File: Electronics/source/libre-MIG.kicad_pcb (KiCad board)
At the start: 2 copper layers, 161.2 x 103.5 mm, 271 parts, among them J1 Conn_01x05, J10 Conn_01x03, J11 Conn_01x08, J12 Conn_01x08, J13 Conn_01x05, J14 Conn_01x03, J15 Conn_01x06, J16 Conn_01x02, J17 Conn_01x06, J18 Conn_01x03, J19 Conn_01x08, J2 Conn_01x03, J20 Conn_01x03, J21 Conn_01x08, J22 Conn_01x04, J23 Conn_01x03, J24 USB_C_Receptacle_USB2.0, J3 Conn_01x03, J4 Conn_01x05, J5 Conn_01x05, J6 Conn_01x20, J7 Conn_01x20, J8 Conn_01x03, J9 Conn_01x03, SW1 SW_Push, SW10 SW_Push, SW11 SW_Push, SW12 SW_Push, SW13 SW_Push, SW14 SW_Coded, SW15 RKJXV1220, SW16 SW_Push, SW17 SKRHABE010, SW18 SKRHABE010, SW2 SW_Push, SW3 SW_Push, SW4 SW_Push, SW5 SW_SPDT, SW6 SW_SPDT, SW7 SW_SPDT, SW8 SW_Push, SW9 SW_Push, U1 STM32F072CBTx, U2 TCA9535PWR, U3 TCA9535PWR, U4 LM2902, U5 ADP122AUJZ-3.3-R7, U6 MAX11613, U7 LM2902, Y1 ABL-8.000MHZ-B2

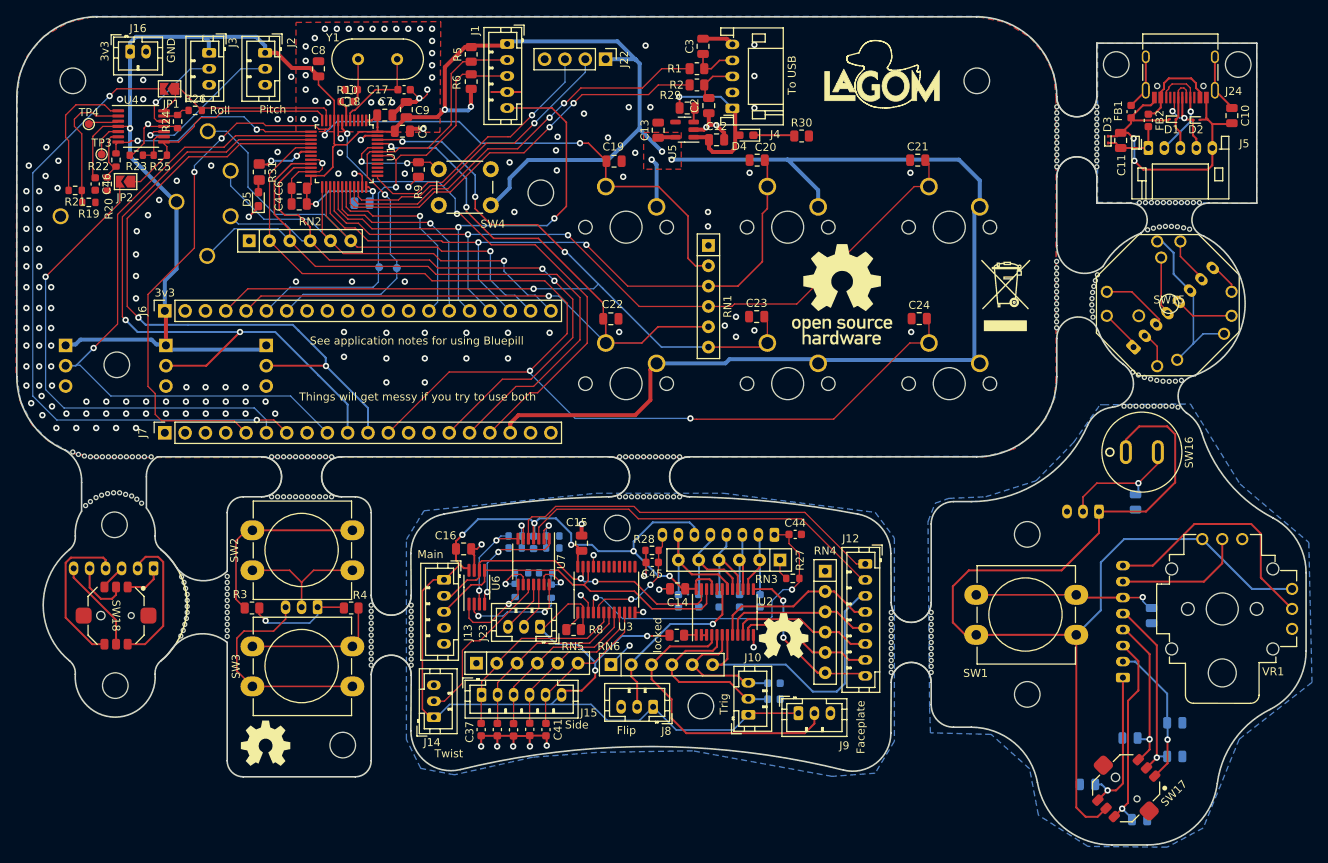
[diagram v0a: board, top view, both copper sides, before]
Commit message: implemented MCP6004/9 and rerouted
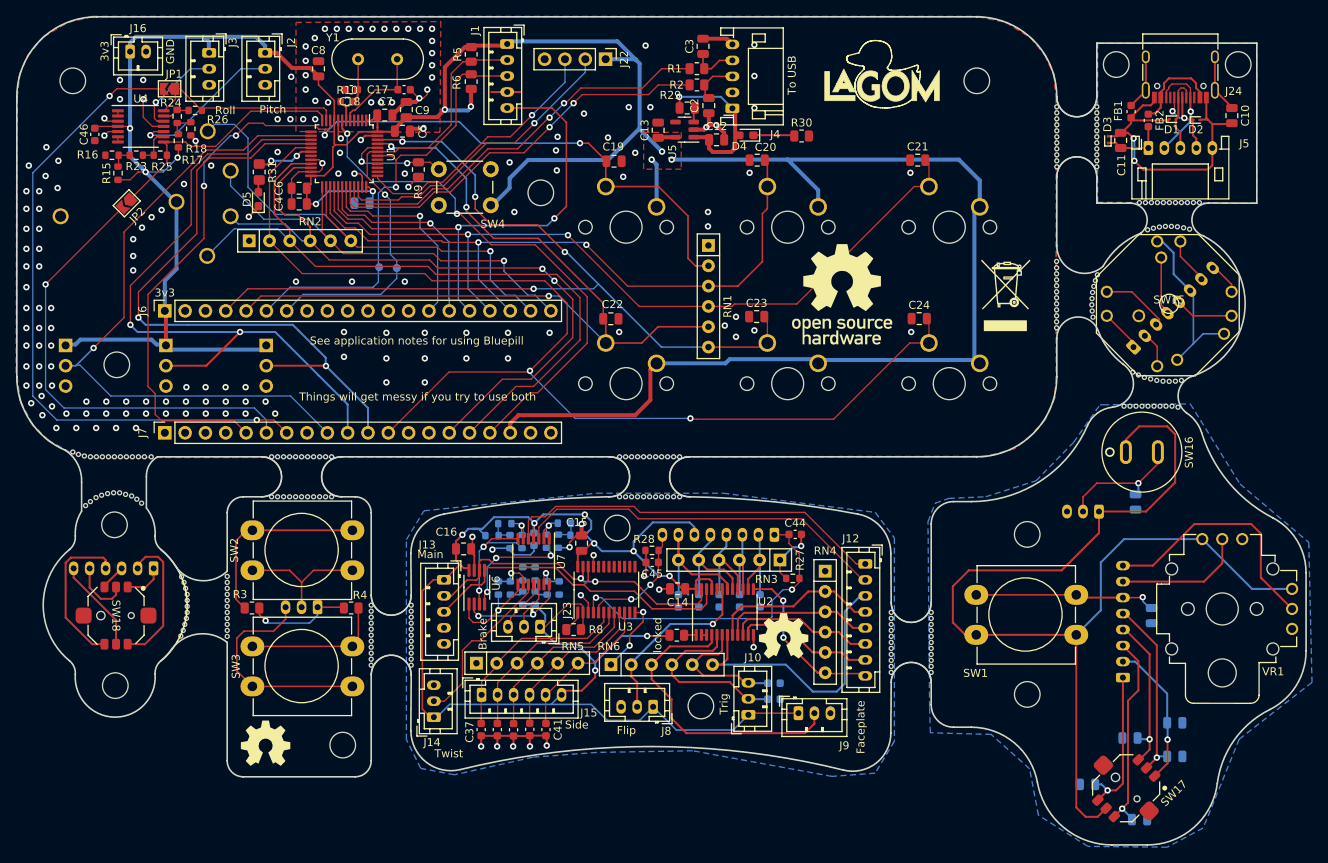
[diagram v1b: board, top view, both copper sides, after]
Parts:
- removed R11, R12, R19, R20: 10k, Resistor_SMD:R_0603_1608Metric
- removed R13, R14, R21, R22: 7.96k, Resistor_SMD:R_0603_1608Metric
- removed TP3, TP4: TestPoint, TestPoint:TestPoint_Pad_D1.0mm
- added R32: 4.7k, Resistor_SMD:R_0603_1608Metric, B.Cu at (187.0, 167.8)
- added R33: 4.7k, Resistor_SMD:R_0603_1608Metric, B.Cu at (184.7, 168.6)
- added R34: 4.7k, Resistor_SMD:R_0603_1608Metric, B.Cu at (176.4, 167.8)
- added R35: 4.7k, Resistor_SMD:R_0603_1608Metric, B.Cu at (178.7, 168.6)
- added R36: 100k, Resistor_SMD:R_0603_1608Metric, B.Cu at (185.4, 166.3)
- added R37: 100k, Resistor_SMD:R_0603_1608Metric, B.Cu at (178.0, 166.3)
- added R38: 110k, Resistor_SMD:R_0603_1608Metric, B.Cu at (183.2, 168.6)
- added R39: 110k, Resistor_SMD:R_0603_1608Metric, B.Cu at (180.2, 168.6)
- added R40: 4.7k, Resistor_SMD:R_0603_1608Metric, B.Cu at (180.2, 175.7)
- added R41: 4.7k, Resistor_SMD:R_0603_1608Metric, B.Cu at (180.2, 172.6)
- added R42: 4.7k, Resistor_SMD:R_0603_1608Metric, B.Cu at (181.8, 175.7)
- added R43: 4.7k, Resistor_SMD:R_0603_1608Metric, B.Cu at (181.8, 172.6)
- added R44: 100k, Resistor_SMD:R_0603_1608Metric, B.Cu at (178.7, 174.4)
- added R45: 100k, Resistor_SMD:R_0603_1608Metric, B.Cu at (183.3, 174.4)
- added R46: 110k, Resistor_SMD:R_0603_1608Metric, B.Cu at (184.8, 174.4)
- added R47: 110k, Resistor_SMD:R_0603_1608Metric, B.Cu at (177.2, 174.4)
- R15, R16: value 10k -> 4.7k; moved to F.Cu
- R17, R18: value 7.96k -> 4.7k; moved to F.Cu
- R23, R24: value 10k -> 100k
- R25, R26: value 7.96k -> 110k
- U4, U7: value LM2902 -> MCP6004
- moved R16 73.8 mm to (128.9, 120.3)
- moved R15 68.3 mm to (129.7, 122.5), turned to 90 degrees
- moved R18 68.1 mm to (138.8, 117.0), turned to -90 degrees
- moved R17 64.9 mm to (137.2, 118.5), turned to 90 degrees
- moved C46 6.20 mm to (126.8, 117.7)
- moved JP2 2.72 mm to (130.7, 126.3), turned to -135 degrees
- moved R24 0.65 mm to (137.1, 115.5)
- moved C47 0.40 mm to (181.7, 168.3)
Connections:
- R15 pad 1: GND -> +3V3
- R16 pad 1: GND -> Net-(R15-Pad2)
- R16 pad 2: Net-(R16-Pad2) -> GND
- R17 pad 1: /IO Controller/Axis1Amp -> +3V3
- R17 pad 2: Net-(R15-Pad2) -> Net-(R17-Pad2)
- R18 pad 1: Net-(R16-Pad2) -> Net-(R17-Pad2)
- R18 pad 2: /IO Controller/Axis2Amp -> GND
- R23 pad 1: GND -> Net-(R15-Pad2)
- R24 pad 1: GND -> Net-(R17-Pad2)
- U1 pad 13: /MCU/ADC3 -> unconnected-(U1-Pad13)
- U4 pad 1: /MCU/ADC2 -> Net-(U4-Pad1)
- U4 pad 2: Net-(R19-Pad2) -> Net-(U4-Pad1)
- U4 pad 3: /MCU/ADC2In -> GND
- U4 pad 5: /MCU/ADC3In -> GND
- U4 pad 6: Net-(R20-Pad2) -> Net-(U4-Pad6)
- U4 pad 7: /MCU/ADC3 -> Net-(U4-Pad6)
- U7 pad 2: Net-(R16-Pad2) -> Net-(R36-Pad2)
- U7 pad 6: Net-(R15-Pad2) -> Net-(R37-Pad2)
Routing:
- net /MCU/ADC3: track 28.1 -> 0.00 mm, vias 2 -> 0
- net GND: track 138.1 -> 161.3 mm, vias 181 -> 184
- net /MCU/ADC2: track 17.0 -> 0.00 mm
- net Net-(R19-Pad2): track 16.8 -> 0.00 mm
- net +3V3: track 735.2 -> 748.4 mm, vias 16 -> 19
- net Net-(R20-Pad2): track 7.12 -> 0.00 mm
- net Net-(R16-Pad2): track 4.82 -> 0.00 mm, vias 1 -> 0
- net Net-(R36-Pad2): track 0.00 -> 4.38 mm, vias 0 -> 1
- net /MCU/ADC3In: track 4.37 -> 0.00 mm
- net Net-(R37-Pad2): track 0.00 -> 4.29 mm, vias 0 -> 1
- net /MCU/ADC2In: track 4.14 -> 0.00 mm
- net /IO Controller/Axis1Amp: track 13.4 -> 17.4 mm
- net Net-(R17-Pad2): track 0.00 -> 3.20 mm
- net Net-(R40-Pad2): track 0.00 -> 3.09 mm
- net /MCU/PitchAmp2: track 60.6 -> 57.5 mm
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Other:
- board text added: "Brake"

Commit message: Redefined face shape to fit panel mount hat; rerouted; DRC check
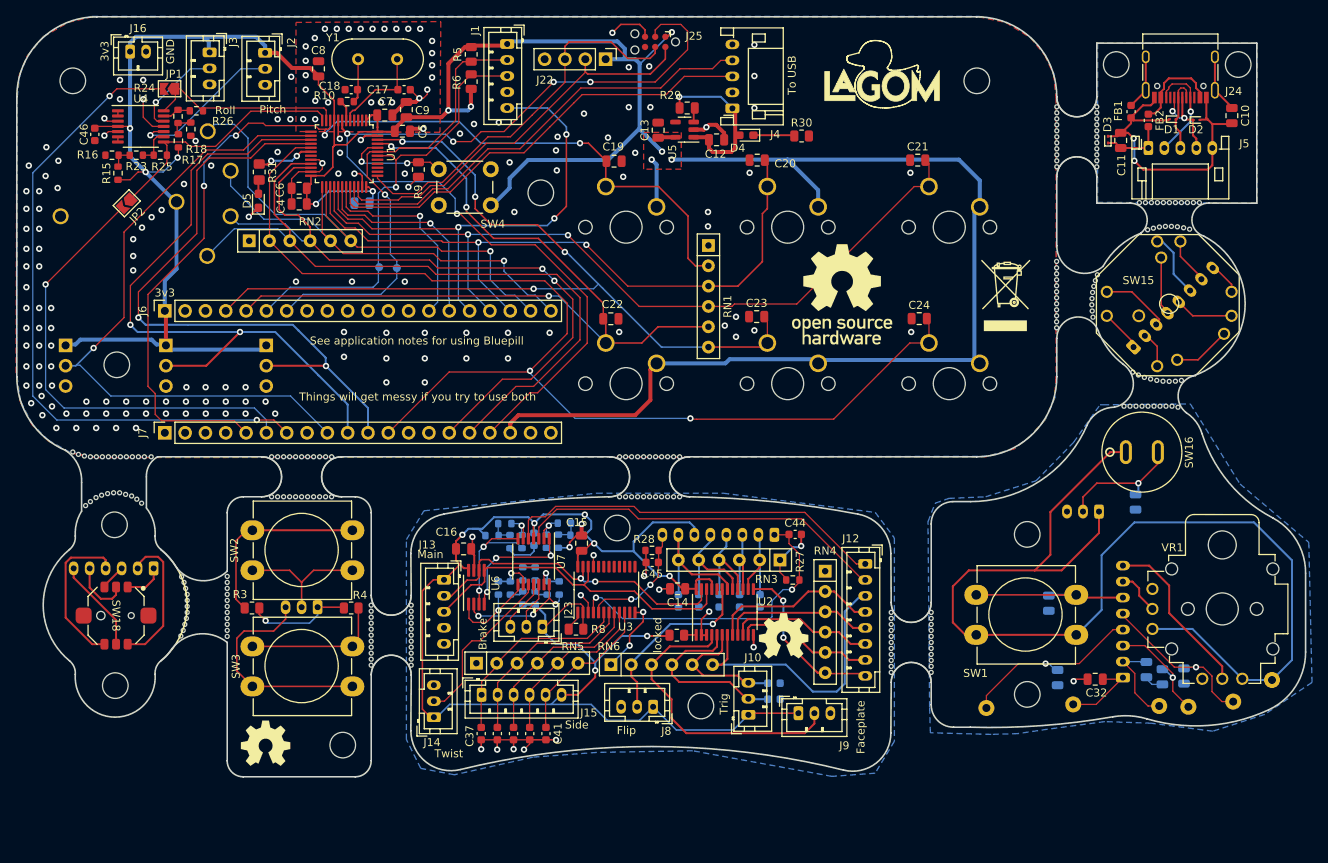
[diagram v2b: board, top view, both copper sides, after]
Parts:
- removed C2, C3: 47pF, Capacitor_SMD:C_0805_2012Metric
- removed R1, R2: 0, Resistor_SMD:R_0805_2012Metric
- removed SW17: SKRHABE010, Personal:SKRHABE010
- added J25: Conn_01x06, Connector:Tag-Connect_TC2030-IDC-NL_2x03_P1.27mm_Vertical, F.Cu at (196.8, 106.1)
- added TP3: TestPoint, TestPoint:TestPoint_Loop_D1.80mm_Drill1.0mm_Beaded, B.Cu at (269.1, 188.6)
- added TP4: TestPoint, TestPoint:TestPoint_Loop_D1.80mm_Drill1.0mm_Beaded, B.Cu at (259.8, 189.2)
- added TP5: TestPoint, TestPoint:TestPoint_Loop_D1.80mm_Drill1.0mm_Beaded, B.Cu at (238.2, 189.4)
- added TP6: TestPoint, TestPoint:TestPoint_Loop_D1.80mm_Drill1.0mm_Beaded, B.Cu at (263.4, 189.2)
- added TP7: TestPoint, TestPoint:TestPoint_Loop_D1.80mm_Drill1.0mm_Beaded, B.Cu at (273.9, 185.9)
- added TP8: TestPoint, TestPoint:TestPoint_Loop_D1.80mm_Drill1.0mm_Beaded, B.Cu at (249.1, 188.9)
- C32: moved to F.Cu
- moved C31 18.1 mm to (260.2, 185.5), turned to -90 degrees
- moved C32 13.2 mm to (251.8, 185.8)
- moved C29 12.9 mm to (246.0, 176.3)
- moved C28 11.8 mm to (247.1, 185.6), turned to -90 degrees
- moved C26 10.1 mm to (262.9, 185.4), turned to -90 degrees
- moved C27 7.54 mm to (258.2, 184.6), turned to -90 degrees
- moved C40 0.53 mm to (181.1, 192.6)
- moved C37 0.50 mm to (175.1, 192.6)
- moved C38 0.50 mm to (177.1, 192.6)
- moved C41 0.50 mm to (183.1, 192.6)
- moved C39 0.47 mm to (179.1, 192.6)
- moved R8 0.30 mm to (186.9, 179.6)
- moved J23 0.30 mm to (182.7, 179.2)
- moved R27 0.20 mm to (214.0, 173.4)
- moved D5 0.20 mm to (147.2, 126.0)
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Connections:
- J4 pad 3: /MCU/ D- -> /MCU/D-
- SW15 pad : (no net) -> GND
- U1 pad 1: unconnected-(U1-Pad1) -> +3V3
- U1 pad 32: /MCU/USB_DM -> /MCU/D-
- U1 pad 33: /MCU/USB_DP -> /MCU/D+
- VR1 pad 2: /Face Plate/Axis2 -> /Face Plate/Axis1
- VR1 pad 5: /Face Plate/Axis1 -> /Face Plate/Axis2
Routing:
- net /MCU/D-: track 0.00 -> 56.8 mm
- net /MCU/NRST: track 65.6 -> 121.2 mm, vias 2 -> 5
- net /MCU/USB_DM: track 51.0 -> 0.00 mm, vias 2 -> 0
- net /MCU/USB_DP: track 50.7 -> 0.00 mm, vias 2 -> 0
- net /MCU/D+: track 5.86 -> 56.5 mm
- net /MCU/SWDCLK: track 33.2 -> 48.2 mm, vias 1 -> 0
- net /MCU/SWDIO: track 38.0 -> 50.3 mm, vias 1 -> 0
- net /Face Plate/DirR: track 25.3 -> 14.5 mm
- net /Face Plate/Axis2: track 16.4 -> 5.64 mm
- net /Face Plate/Axis1: track 30.9 -> 21.2 mm
- net /Face Plate/DirD: track 19.1 -> 10.2 mm, vias 1 -> 0
- net GND: track 161.3 -> 170.0 mm, vias 184 -> 188
- net /Face Plate/DirU: track 18.2 -> 11.0 mm, vias 1 -> 0
- net /MCU/ D-: track 5.85 -> 0.00 mm
- net +3V3: track 748.4 -> 742.7 mm
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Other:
- board size 161.2 x 103.5 mm -> 161.1 x 95 mm

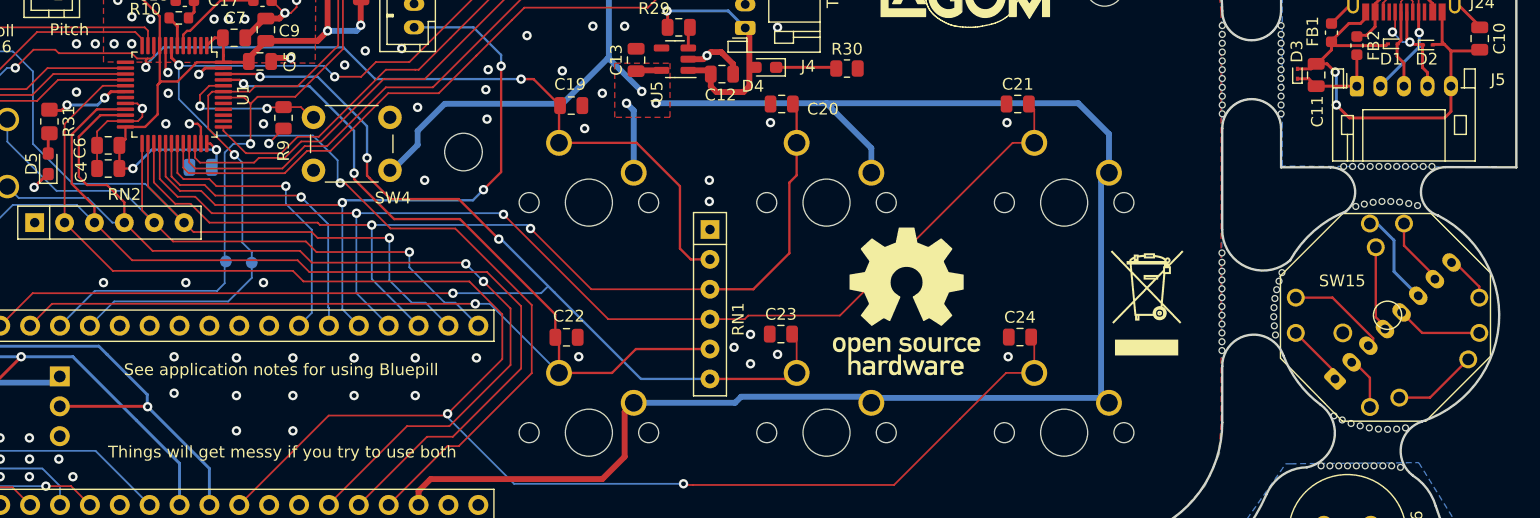
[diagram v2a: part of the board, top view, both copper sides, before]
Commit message: Rev 2 of electronics, full project fabrication outputs
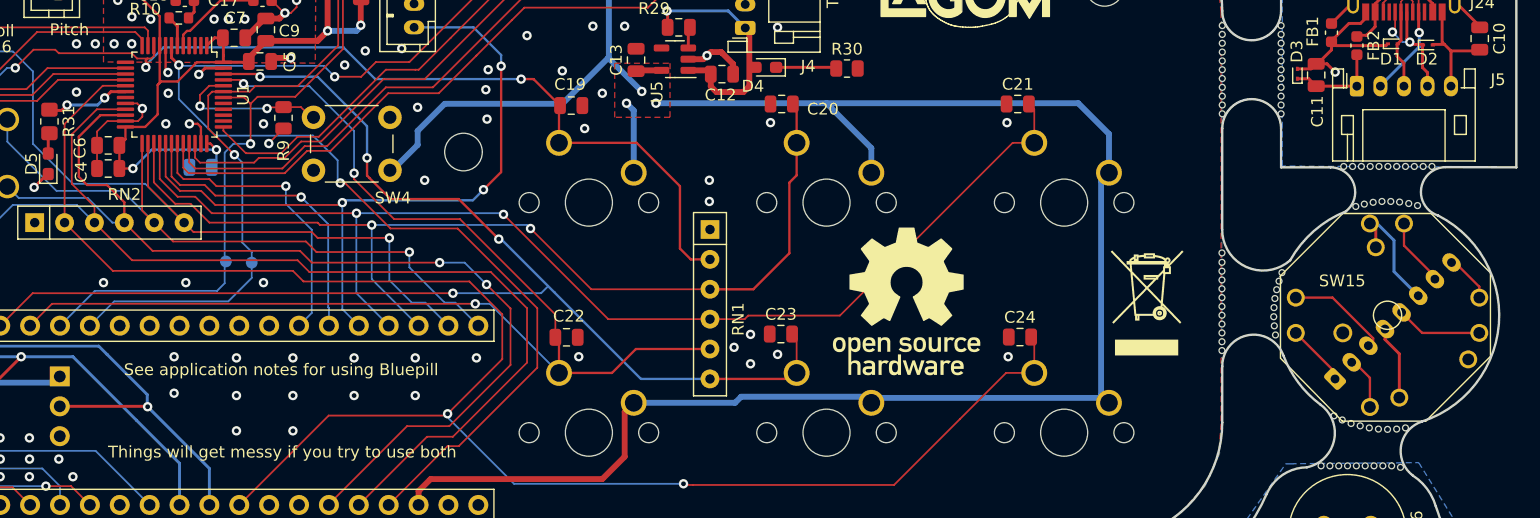
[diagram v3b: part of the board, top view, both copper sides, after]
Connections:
- J4 pad 3: /MCU/D- -> /MCU/ D-
- SW15 pad : GND -> (no net)
- SW15 pad 5: GND -> /Encoder/DirC1
- SW15 pad 6: /Encoder/DirC1 -> +3V3
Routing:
- net GND: track 170.0 -> 147.4 mm, vias 188 -> 187
- net +3V3: track 742.7 -> 744.9 mm
- net /Encoder/DirC1: track 7.62 -> 6.33 mm
- net /MCU/Rot1: track 89.2 -> 89.8 mm
- net /MCU/NRST: track 121.2 -> 121.7 mm
──────────
Give back, exactly as written, the stretch from the line with "- added R46: 110k, Resistor_SMD:R_0603_1608Metric, B.Cu" through the line with "- U4, U7: value LM2902 -> MCP6004", and no other lines from the records above.

- added R46: 110k, Resistor_SMD:R_0603_1608Metric, B.Cu at (184.8, 174.4)
- added R47: 110k, Resistor_SMD:R_0603_1608Metric, B.Cu at (177.2, 174.4)
- R15, R16: value 10k -> 4.7k; moved to F.Cu
- R17, R18: value 7.96k -> 4.7k; moved to F.Cu
- R23, R24: value 10k -> 100k
- R25, R26: value 7.96k -> 110k
- U4, U7: value LM2902 -> MCP6004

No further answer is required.